Thursday, August 23, 2012

A New Yorker's Verse

The Cosmic America files are filled with Civil War era poetry. Some epic, some heroic, but much of it banal, trite. Now and again, little snippets of poetry resound with meaning - a few lines crystallize what the war was about in verse...at least for some who shouldered muskets and marched off to fight for a cause.

In terms of emancipation - few in the north enlisted with that in mind. It was only after the war that the destruction of the institution rang true as the moral equivalent of Union. Retrospectively, veterans included emancipation as a fundamental component of their cause.
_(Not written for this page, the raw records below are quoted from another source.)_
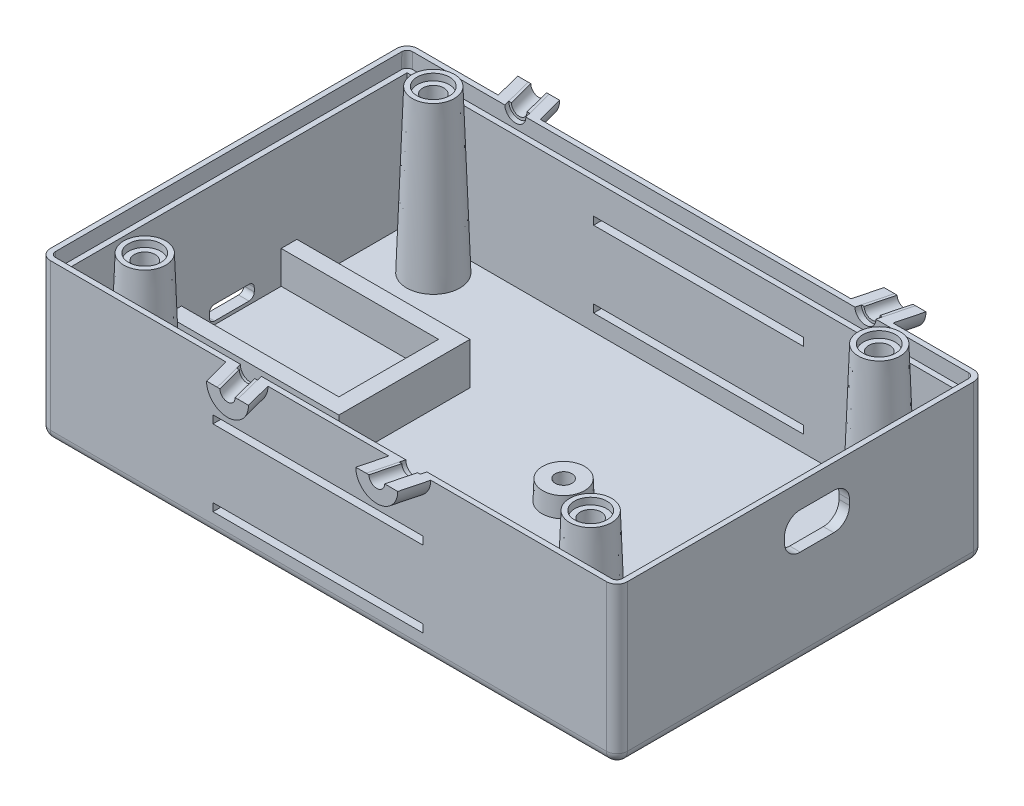
from build123d import *

# Parameters (mm, degrees)
BOSS_EXTRUDE1_DEPTH = 30
FILLET1_R           = 2
SHELL1_START        = -53
SHELL1_OUTLINE_W    = 28.000000000000004
SHELL1_OUTLINE_H    = 66
SHELL1_DEPTH        = 106
CUT_EXTRUDE1_DEPTH  = 3
CUT_EXTRUDE1_DRAFT  = 1.0000000000000022
CUT_EXTRUDE3_DEPTH  = 2
CUT_EXTRUDE4_DEPTH  = 2
SKETCH29_R          = 2.0000000000000036
SKETCH48_W          = 40
SKETCH48_H          = 1.5000000000000009
CUT_EXTRUDE5_DEPTH  = 5
SKETCH49_W          = 40
SKETCH49_H          = 1.5000000000000036
CUT_EXTRUDE6_DEPTH  = 5
SKETCH51_W          = 40
SKETCH51_H          = 1.5
CUT_EXTRUDE7_DEPTH  = 5
CUT_EXTRUDE8_DEPTH  = 5
BOSS_EXTRUDE2_DEPTH = 8
BOSS_EXTRUDE3_DEPTH = 1.75


# Read off the part's stored shape, not the designer's step: Shell1, Mounting Boss3, Mounting Boss4, Mounting Boss5, Mounting Boss6, Mounting Boss7
with BuildPart() as part:
    # Sketch2 → Boss-Extrude1 (new body)
    with BuildSketch(Plane(origin=(0, 0, 0), x_dir=(1, 0, 0), z_dir=(0, 1, 0))):
        Polygon((-55.000000000000014, 35), (54.99999999999999, 35), (55.00000000000001, -35), (-55, -35), align=None)
    extrude(amount=BOSS_EXTRUDE1_DEPTH)

    # Fillet1
    fillet1_edges = [part.edges().sort_by_distance(p)[0] for p in [
        (7.11e-15, 0, 35),
        (-55.00000000000001, 0, 0),
        (-1.421e-14, 0, -35),
        (55, 0, 0),
        (55.00000000000001, 15, 35),
        (-55, 15, 35),
        (-55.000000000000014, 15, -35),
        (54.99999999999999, 15, -35),
    ]]
    fillet(fillet1_edges, radius=FILLET1_R)

    # Shell1 outline → Shell1 (cut)
    with BuildSketch(Plane.YZ.offset(SHELL1_START)):
        with Locations((16, 0)):
            Rectangle(SHELL1_OUTLINE_W, SHELL1_OUTLINE_H)
    extrude(amount=SHELL1_DEPTH, mode=Mode.SUBTRACT)


with BuildPart() as cut_extrude1_tool:
    # Sketch4 → Cut-Extrude1 (with draft: the straight prism first)
    with BuildSketch(Plane(origin=(0, 30, 0), x_dir=(1, 0, 0), z_dir=(0, 1, 0))):
        with BuildLine():
            Line((54.00000000000001, -33), (54, 33))
            ThreePointArc((54, 33), (53.707106781186546, 33.707106781186546), (53, 34))
            Line((53, 34), (-53.000000000000014, 34))
            ThreePointArc((-53.000000000000014, 34), (-53.70710678118656, 33.707106781186546), (-54.000000000000014, 33))
            Line((-54.000000000000014, 33), (-54, -33))
            ThreePointArc((-54, -33), (-53.707106781186546, -33.707106781186546), (-53, -34))
            Line((-53, -34), (53.000000000000014, -34))
            ThreePointArc((53.000000000000014, -34), (53.70710678118656, -33.707106781186546), (54.00000000000001, -33))
        make_face()
    extrude(amount=-CUT_EXTRUDE1_DEPTH)
    # Cut-Extrude1: the draft: its side faces are tilted about the plane it starts from
    cut_extrude1_sides = [cut_extrude1_tool.faces().sort_by_distance(p)[0] for p in [
        (54, 28.5, 0),
        (53.707106781, 28.5, -33.707106781),
        (0, 28.5, -34),
        (-53.707106781, 28.5, -33.707106781),
        (-54, 28.5, 0),
        (-53.707106781, 28.5, 33.707106781),
        (0, 28.5, 34),
        (53.707106781, 28.5, 33.707106781),
    ]]
    draft(cut_extrude1_sides, Plane(origin=(0, 30, 0), x_dir=(1, 0, 0), z_dir=(0, 1, 0)), CUT_EXTRUDE1_DRAFT)


with BuildPart() as part_1:
    add(part.part)

    # Cut-Extrude1: cut by cut_extrude1_tool
    add(cut_extrude1_tool.part, mode=Mode.SUBTRACT)

    # Mounting Boss3 outline → Mounting Boss3 (revolve)
    with BuildSketch(Plane(origin=(42.5, 0, -27.5), x_dir=(1, 0, 0), z_dir=(0, 0, 1))):
        Polygon((4, 32.746), (3.093348776, 32.746), (3.060721118, 31.5), (2, 31.5), (1.851631948, 23), (0, 23), (0, 2), (5.073938557, 2), align=None)
    revolve(axis=Axis((42.5, 0, -27.5), (0, 1, 0)))

    # Mounting Boss4 outline → Mounting Boss4 (revolve)
    with BuildSketch(Plane(origin=(42.5, 0, 27.5), x_dir=(1, 0, 0), z_dir=(0, 0, 1))):
        Polygon((4, 32.746), (3.093348776, 32.746), (3.060721118, 31.5), (2, 31.5), (1.851631948, 23), (0, 23), (0, 2), (5.073938557, 2), align=None)
    revolve(axis=Axis((42.5, 0, 27.5), (0, 1, 0)))

    # Mounting Boss5 outline → Mounting Boss5 (revolve)
    with BuildSketch(Plane(origin=(-42.5, 0, -27.5), x_dir=(1, 0, 0), z_dir=(0, 0, 1))):
        Polygon((4, 32.746), (3.093348776, 32.746), (3.060721118, 31.5), (2, 31.5), (1.851631948, 23), (0, 23), (0, 2), (5.073938557, 2), align=None)
    revolve(axis=Axis((-42.5, 0, -27.5), (0, 1, 0)))

    # Mounting Boss6 outline → Mounting Boss6 (revolve)
    with BuildSketch(Plane(origin=(-42.5, 0, 27.5), x_dir=(1, 0, 0), z_dir=(0, 0, 1))):
        Polygon((4, 32.746), (3.093348776, 32.746), (3.060721118, 31.5), (2, 31.5), (1.851631948, 23), (0, 23), (0, 2), (5.073938557, 2), align=None)
    revolve(axis=Axis((-42.5, 0, 27.5), (0, 1, 0)))

    # Mounting Boss7 outline → Mounting Boss7 (revolve, cut)
    with BuildSketch(Plane(origin=(48.008201566, 0, 10.162400936), x_dir=(1, 0, 0), z_dir=(0, 0, 1))):
        Polygon((1.512899226, 1), (1.530354291, 2), (0, 2), (0, 1), align=None)
    mounting_boss7 = revolve(axis=Axis((48.008201566, 0, 10.162400936), (0, 1, 0)), mode=Mode.SUBTRACT)

    # Mounting Boss7 2 outline → Mounting Boss7 2 (revolve)
    with BuildSketch(Plane(origin=(48.008201566, 0, 10.162400936), x_dir=(1, 0, 0), z_dir=(0, 0, 1))):
        Polygon((4, 5.746), (1.595740964, 5.746), (1.530354291, 2), (4.130846305, 2), align=None)
    mounting_boss7_2 = revolve(axis=Axis((48.008201566, 0, 10.162400936), (0, 1, 0)))

    # Sketch-Pattern5: Mounting Boss7, Mounting Boss7 2 at 2 more places
    with Locations((-40.366, 0, -12.357001), (0, 0, -24.510002)):
        add(mounting_boss7, mode=Mode.SUBTRACT)
        add(mounting_boss7_2)

    # Sketch16 → Cut-Extrude3 (cut)
    with BuildSketch(Plane.ZY.offset(-53)):
        with BuildLine():
            Line((-6.333075850096779, 18.409749030000004), (0.06734967138067369, 18.409749030000004))
            ThreePointArc((0.06734967138067369, 18.409749030000004), (2.188670014940319, 19.288428686440362), (3.0673496713806743, 21.409749030000008))
            Line((3.0673496713806743, 21.409749030000008), (3.067349671380674, 22.38800558))
            ThreePointArc((3.067349671380674, 22.38800558), (2.188670014940316, 24.509325923559643), (0.06734967138067319, 25.38800558))
            Line((0.06734967138067319, 25.38800558), (-6.333075850096779, 25.388005580000005))
            ThreePointArc((-6.333075850096779, 25.388005580000005), (-8.454396193656422, 24.509325923559643), (-9.33307585009678, 22.38800558))
            Line((-9.33307585009678, 22.38800558), (-9.33307585009678, 21.409749030000008))
            ThreePointArc((-9.33307585009678, 21.409749030000008), (-8.454396193656423, 19.288428686440362), (-6.333075850096779, 18.409749030000004))
        make_face()
    extrude(amount=-CUT_EXTRUDE3_DEPTH, mode=Mode.SUBTRACT)

    # Sketch17 → Cut-Extrude4 (cut)
    with BuildSketch(Plane(origin=(-53.00000000000001, 0, 1.051e-14), x_dir=(-2e-16, 0, -1), z_dir=(1, 0, -2e-16))):
        with BuildLine():
            Line((-4.700909603162279, 5.37557361387065), (-4.700909603162279, 6.13625929820693))
            ThreePointArc((-4.700909603162279, 6.13625929820693), (-4.4080163843488265, 6.843366079393485), (-3.7009096031622715, 7.136259298206937))
            Line((-3.7009096031622715, 7.136259298206937), (2.8719039492320846, 7.136259298206937))
            ThreePointArc((2.8719039492320846, 7.136259298206937), (3.579010730418639, 6.843366079393485), (3.8719039492320917, 6.13625929820693))
            Line((3.8719039492320917, 6.13625929820693), (3.8719039492320917, 5.37557361387065))
            ThreePointArc((3.8719039492320917, 5.37557361387065), (3.579010730418639, 4.668466832684095), (2.8719039492320846, 4.3755736138706425))
            Line((2.8719039492320846, 4.3755736138706425), (-3.7009096031622715, 4.3755736138706425))
            ThreePointArc((-3.7009096031622715, 4.3755736138706425), (-4.4080163843488265, 4.668466832684095), (-4.700909603162279, 5.37557361387065))
        make_face()
    extrude(amount=-CUT_EXTRUDE4_DEPTH, mode=Mode.SUBTRACT)

    # Cut-Sweep2: sweep along a path in Sketch26
    with BuildLine(Plane(origin=(0, 30, 0), x_dir=(1, 0, 0), z_dir=(0, 1, 0))) as cut_sweep2_path:
        Line((34.91337388804527, 39.99999999999999), (0, -95))
        Line((0, -95), (-34.91337388804526, 39.99999999999999))
    # Sketch29 → Cut-Sweep2 (sweep, cut)
    with BuildSketch(Plane(origin=(0, 0, -40), x_dir=(-1, 0, 0), z_dir=(0, 0, -1))):
        with Locations((34.91337388804526, 30)):
            Circle(SKETCH29_R)
    sweep(path=cut_sweep2_path.line, transition=Transition.RIGHT, mode=Mode.SUBTRACT)

    # Sweep10: sweep along a path in Sketch35
    with BuildLine(Plane(origin=(0, 30, 0), x_dir=(1, 0, 0), z_dir=(0, 1, 0))) as sweep10_path:
        Line((33.62028596626583, 35), (34.91337388804527, 39.99999999999999))
    # Sketch34 → Sweep10 (sweep)
    with BuildSketch(Plane(origin=(0, 0, -35), x_dir=(-1, 0, 0), z_dir=(0, 0, -1))):
        with BuildLine():
            Line((-37.62028596626583, 30.000000000000004), (-35.62028596626583, 30.000000000000007))
            Line((-35.62028596626583, 30.000000000000007), (-35.12028596626583, 30.000000000000007))
            ThreePointArc((-35.12028596626583, 30.000000000000007), (-33.62028596626583, 28.499999999999996), (-32.12028596626583, 30.000000000000007))
            Line((-32.12028596626583, 30.000000000000007), (-31.62028596626583, 30.000000000000004))
            Line((-31.62028596626583, 30.000000000000004), (-29.62028596626583, 29.999999999999996))
            ThreePointArc((-29.62028596626583, 29.999999999999996), (-33.62028596626584, 25.999999999999996), (-37.62028596626583, 30.000000000000004))
        make_face()
    sweep(path=sweep10_path.line)

    # Sweep11: sweep along a path in Sketch37
    with BuildLine(Plane(origin=(0, 30, 0), x_dir=(1, 0, 0), z_dir=(0, 1, 0))) as sweep11_path:
        Line((-33.620285966265804, 35), (-34.91337388804526, 39.99999999999999))
    # Sketch36 → Sweep11 (sweep)
    with BuildSketch(Plane(origin=(0, 0, -35), x_dir=(-1, 0, 0), z_dir=(0, 0, -1))):
        with BuildLine():
            Line((31.6202859662658, 30.000000000000004), (32.120285966265804, 30))
            ThreePointArc((32.120285966265804, 30), (33.620285966265804, 28.5), (35.120285966265804, 30))
            Line((35.120285966265804, 30), (35.620285966265804, 30))
            Line((35.620285966265804, 30), (37.620285966265804, 30))
            ThreePointArc((37.620285966265804, 30), (33.620285966265804, 25.999999999999996), (29.6202859662658, 30))
            Line((29.6202859662658, 30), (31.6202859662658, 30.000000000000004))
        make_face()
    sweep(path=sweep11_path.line)

    # Sweep12: sweep along a path in Sketch39
    with BuildLine(Plane(origin=(0, 30, 0), x_dir=(1, 0, 0), z_dir=(0, 1, 0))) as sweep12_path:
        Line((-15.517055061353444, -35), (-14.223967139573995, -40))
    # Sketch38 → Sweep12 (sweep)
    with BuildSketch(Plane.XY.offset(35)):
        with BuildLine():
            Line((-19.51705506135345, 30.000000000000004), (-17.477488256276388, 30.000000000000007))
            Line((-17.477488256276388, 30.000000000000007), (-16.977488256276388, 30.000000000000007))
            ThreePointArc((-16.977488256276388, 30.000000000000007), (-15.517055061353444, 28.53956680507705), (-14.056621866430504, 30.000000000000007))
            Line((-14.056621866430504, 30.000000000000007), (-13.556621866430504, 30.000000000000004))
            Line((-13.556621866430504, 30.000000000000004), (-11.517055061353442, 29.999999999999996))
            ThreePointArc((-11.517055061353442, 29.999999999999996), (-15.517055061353448, 25.999999999999993), (-19.51705506135345, 30.000000000000004))
        make_face()
    sweep(path=sweep12_path.line)

    # Sweep14: sweep along a path in Sketch47
    with BuildLine(Plane(origin=(0, 30, 0), x_dir=(1, 0, 0), z_dir=(0, 1, 0))) as sweep14_path:
        Line((15.517055061353462, -35), (14.223967139574011, -40))
    # Sketch46 → Sweep14 (sweep)
    with BuildSketch(Plane.XY.offset(35)):
        with BuildLine():
            Line((11.517055061353458, 30), (13.517055061353458, 30))
            Line((13.517055061353458, 30), (14.01705506135346, 30))
            ThreePointArc((14.01705506135346, 30), (15.517055061353462, 28.5), (17.017055061353467, 30))
            Line((17.017055061353467, 30), (17.56003819125013, 30))
            Line((17.56003819125013, 30), (19.517055061353467, 30))
            ThreePointArc((19.517055061353467, 30), (15.517055061353462, 25.999999999999996), (11.517055061353458, 30))
        make_face()
    sweep(path=sweep14_path.line)

    # Sketch48 → Cut-Extrude5 (cut)
    with BuildSketch(Plane(origin=(0, 0, -35), x_dir=(-1, 0, 0), z_dir=(0, 0, -1))):
        with Locations((-2.5501994424348453, 5.858128431544458)):
            Rectangle(SKETCH48_W, SKETCH48_H)
    extrude(amount=-CUT_EXTRUDE5_DEPTH, mode=Mode.SUBTRACT)

    # Sketch49 → Cut-Extrude6 (cut)
    with BuildSketch(Plane(origin=(0, 0, -35), x_dir=(-1, 0, 0), z_dir=(0, 0, -1))):
        with Locations((-2.5501994424348453, 20.358128431544458)):
            Rectangle(SKETCH49_W, SKETCH49_H)
    extrude(amount=-CUT_EXTRUDE6_DEPTH, mode=Mode.SUBTRACT)

    # Sketch51 → Cut-Extrude7 (cut)
    with BuildSketch(Plane.XY.offset(35)):
        with Locations((-1.9972518043607401, 4.787724396603494)):
            Rectangle(SKETCH51_W, SKETCH51_H)
    extrude(amount=-CUT_EXTRUDE7_DEPTH, mode=Mode.SUBTRACT)

    # Sketch52 → Cut-Extrude8 (cut)
    with BuildSketch(Plane.XY.offset(35)):
        Polygon((-21.99725180436074, 20.037724396603497), (18.00274819563926, 20.037724396603494), (18.00274819563926, 18.53772439660349), (-21.99725180436074, 18.53772439660349), align=None)
    extrude(amount=-CUT_EXTRUDE8_DEPTH, mode=Mode.SUBTRACT)

    # Sketch54 → Boss-Extrude2 (add)
    with BuildSketch(Plane(origin=(0, 2, 0), x_dir=(1, 0, 0), z_dir=(0, 1, 0))):
        Polygon((-53.000000000000014, 9.000000000000002), (-23.000000000000007, 9.000000000000007), (-23.000000000000007, -9.999999999999991), (-53.00000000000001, -9.999999999999995), (-53.000000000000014, -12.999999999999998), (-20.00000000000001, -12.99999999999999), (-20.00000000000001, 12.000000000000005), (-53.000000000000014, 12), align=None)
    extrude(amount=BOSS_EXTRUDE2_DEPTH)

    # Sketch55 → Boss-Extrude3 (add)
    with BuildSketch(Plane(origin=(0, 2, 0), x_dir=(1, 0, 0), z_dir=(0, 1, 0))):
        Polygon((-23.000000000000007, -9.999999999999991), (-23.000000000000007, 9.000000000000007), (-53.00000000000001, 9.000000000000002), (-53.00000000000001, -9.999999999999995), align=None)
    extrude(amount=BOSS_EXTRUDE3_DEPTH)


solid = part_1.part

In 1905, an aging New York veteran recalled such sentiment at a Grand Army of the Republic meeting in Brooklyn. Recorded in the post's minute book, these few short lines tidily joined the twin themes of Union and emancipation.

In God’s name let us march to the mutinous South
       I shall fall, as will many of you
But halt not till slavery’s rebellion shall cease –
       Till the Father of Waters shall flow
Unviewed by a slave form Itasca Lake
       To the far Gulf of Mexico


Striking a tone of moralizing self-righteousness, this short piece nevertheless indicated that an emancipationist memory lived on with the veterans who had determined that the Union should survive - ultimately, without slavery.